Return exactly the lines from the start of the records below through the line containing "152.661485175), (-97.52188811, 131.934881446))", both ends included, and leave out the pictures.

# Data in this exercise
--------------------------------------------------
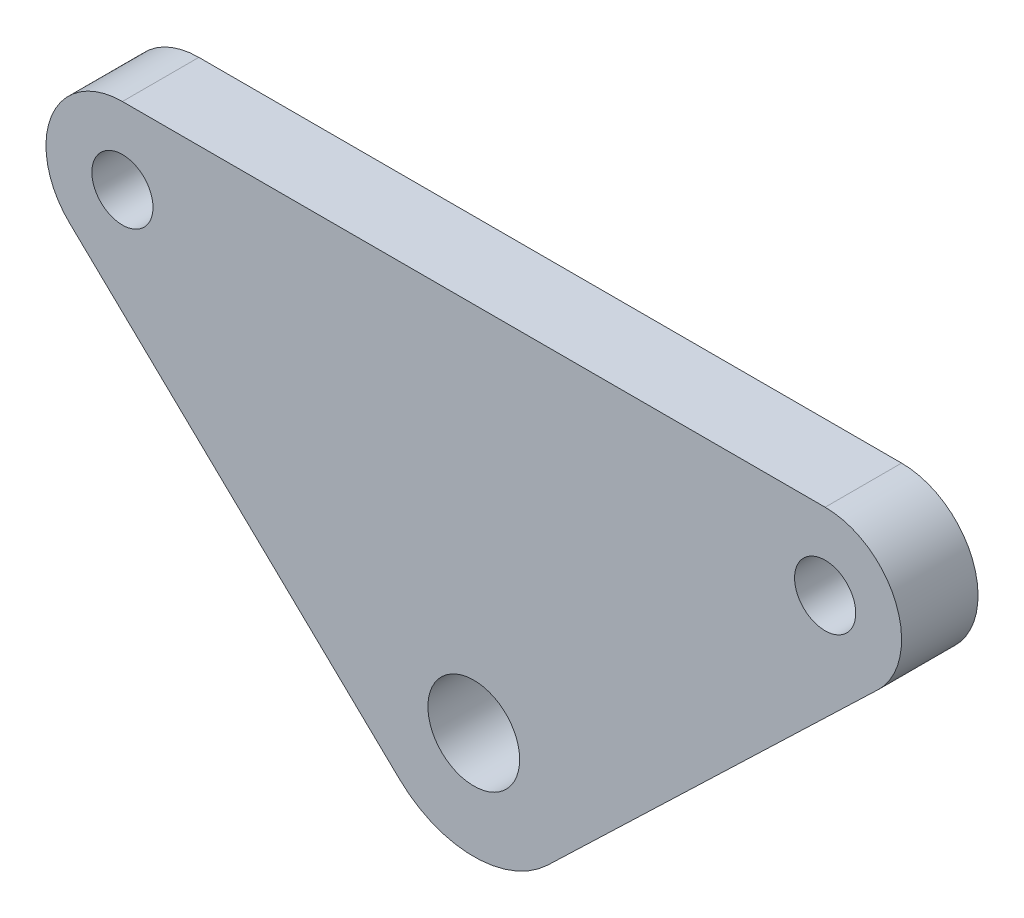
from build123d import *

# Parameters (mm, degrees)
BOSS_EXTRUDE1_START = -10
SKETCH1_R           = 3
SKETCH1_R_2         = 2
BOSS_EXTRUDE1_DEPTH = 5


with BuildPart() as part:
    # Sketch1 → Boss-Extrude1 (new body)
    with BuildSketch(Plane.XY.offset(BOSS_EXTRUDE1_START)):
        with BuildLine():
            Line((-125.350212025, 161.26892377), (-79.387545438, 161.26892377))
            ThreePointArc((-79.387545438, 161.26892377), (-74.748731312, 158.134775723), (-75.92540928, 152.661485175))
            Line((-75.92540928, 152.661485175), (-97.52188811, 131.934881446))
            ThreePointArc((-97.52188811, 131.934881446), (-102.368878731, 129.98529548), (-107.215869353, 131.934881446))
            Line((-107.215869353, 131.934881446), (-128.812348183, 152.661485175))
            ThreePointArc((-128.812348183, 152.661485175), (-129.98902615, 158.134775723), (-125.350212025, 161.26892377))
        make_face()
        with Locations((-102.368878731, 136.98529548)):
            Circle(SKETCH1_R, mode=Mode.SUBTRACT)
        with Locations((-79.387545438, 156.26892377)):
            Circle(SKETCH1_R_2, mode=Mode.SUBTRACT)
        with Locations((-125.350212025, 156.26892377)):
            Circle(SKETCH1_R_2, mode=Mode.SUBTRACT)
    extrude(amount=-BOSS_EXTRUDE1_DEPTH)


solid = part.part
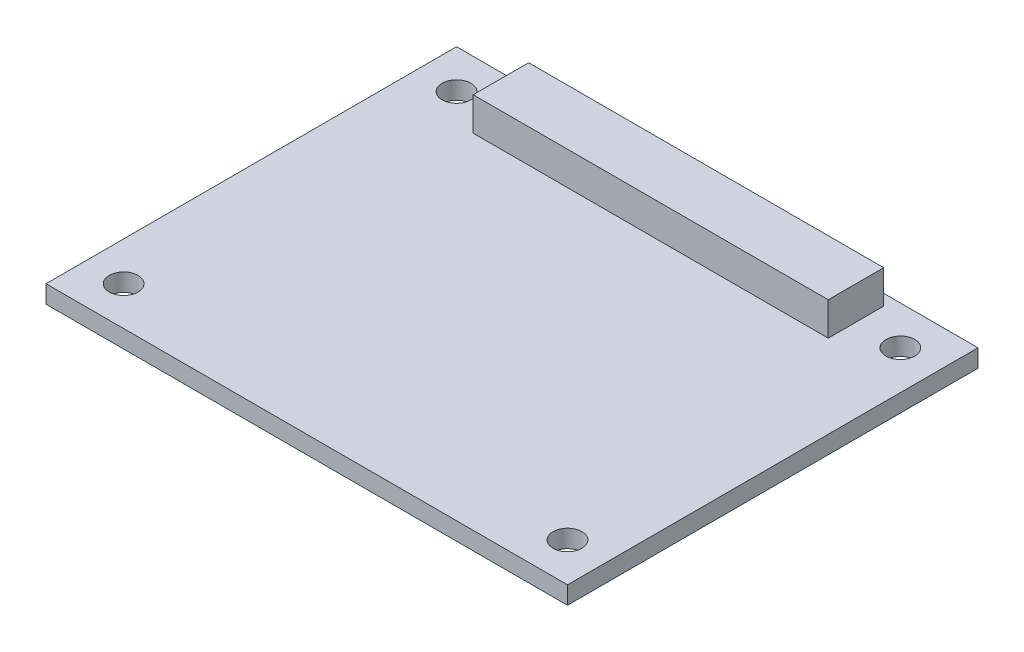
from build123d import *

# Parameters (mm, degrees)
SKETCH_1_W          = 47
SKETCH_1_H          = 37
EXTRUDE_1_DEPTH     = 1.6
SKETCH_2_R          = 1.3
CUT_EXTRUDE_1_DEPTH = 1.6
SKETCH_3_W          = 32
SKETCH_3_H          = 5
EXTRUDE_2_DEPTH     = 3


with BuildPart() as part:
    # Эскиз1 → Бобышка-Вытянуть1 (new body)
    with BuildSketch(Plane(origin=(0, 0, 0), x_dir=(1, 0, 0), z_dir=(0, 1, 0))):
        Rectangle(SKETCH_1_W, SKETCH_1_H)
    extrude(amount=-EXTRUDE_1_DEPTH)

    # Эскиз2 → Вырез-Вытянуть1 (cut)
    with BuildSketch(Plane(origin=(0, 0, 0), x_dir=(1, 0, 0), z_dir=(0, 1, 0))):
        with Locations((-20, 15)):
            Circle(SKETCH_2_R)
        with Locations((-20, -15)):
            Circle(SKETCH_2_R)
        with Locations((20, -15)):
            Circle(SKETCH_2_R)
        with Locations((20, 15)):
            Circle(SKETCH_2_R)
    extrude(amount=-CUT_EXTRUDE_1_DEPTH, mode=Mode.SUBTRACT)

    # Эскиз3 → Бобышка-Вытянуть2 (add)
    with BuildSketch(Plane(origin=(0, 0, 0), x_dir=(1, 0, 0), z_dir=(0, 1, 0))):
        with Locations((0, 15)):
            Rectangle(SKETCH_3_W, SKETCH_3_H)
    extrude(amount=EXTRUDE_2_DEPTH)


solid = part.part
--------------------------------------------------
# Solution to this exercise
from build123d import *

# Parameters (mm, degrees)
BOSS_EXTRUDE1_START = -10
SKETCH1_R           = 3
SKETCH1_R_2         = 2
BOSS_EXTRUDE1_DEPTH = 5


with BuildPart() as part:
    # Sketch1 → Boss-Extrude1 (new body)
    with BuildSketch(Plane.XY.offset(BOSS_EXTRUDE1_START)):
        with BuildLine():
            Line((-125.350212025, 161.26892377), (-79.387545438, 161.26892377))
            ThreePointArc((-79.387545438, 161.26892377), (-74.748731312, 158.134775723), (-75.92540928, 152.661485175))
            Line((-75.92540928, 152.661485175), (-97.52188811, 131.934881446))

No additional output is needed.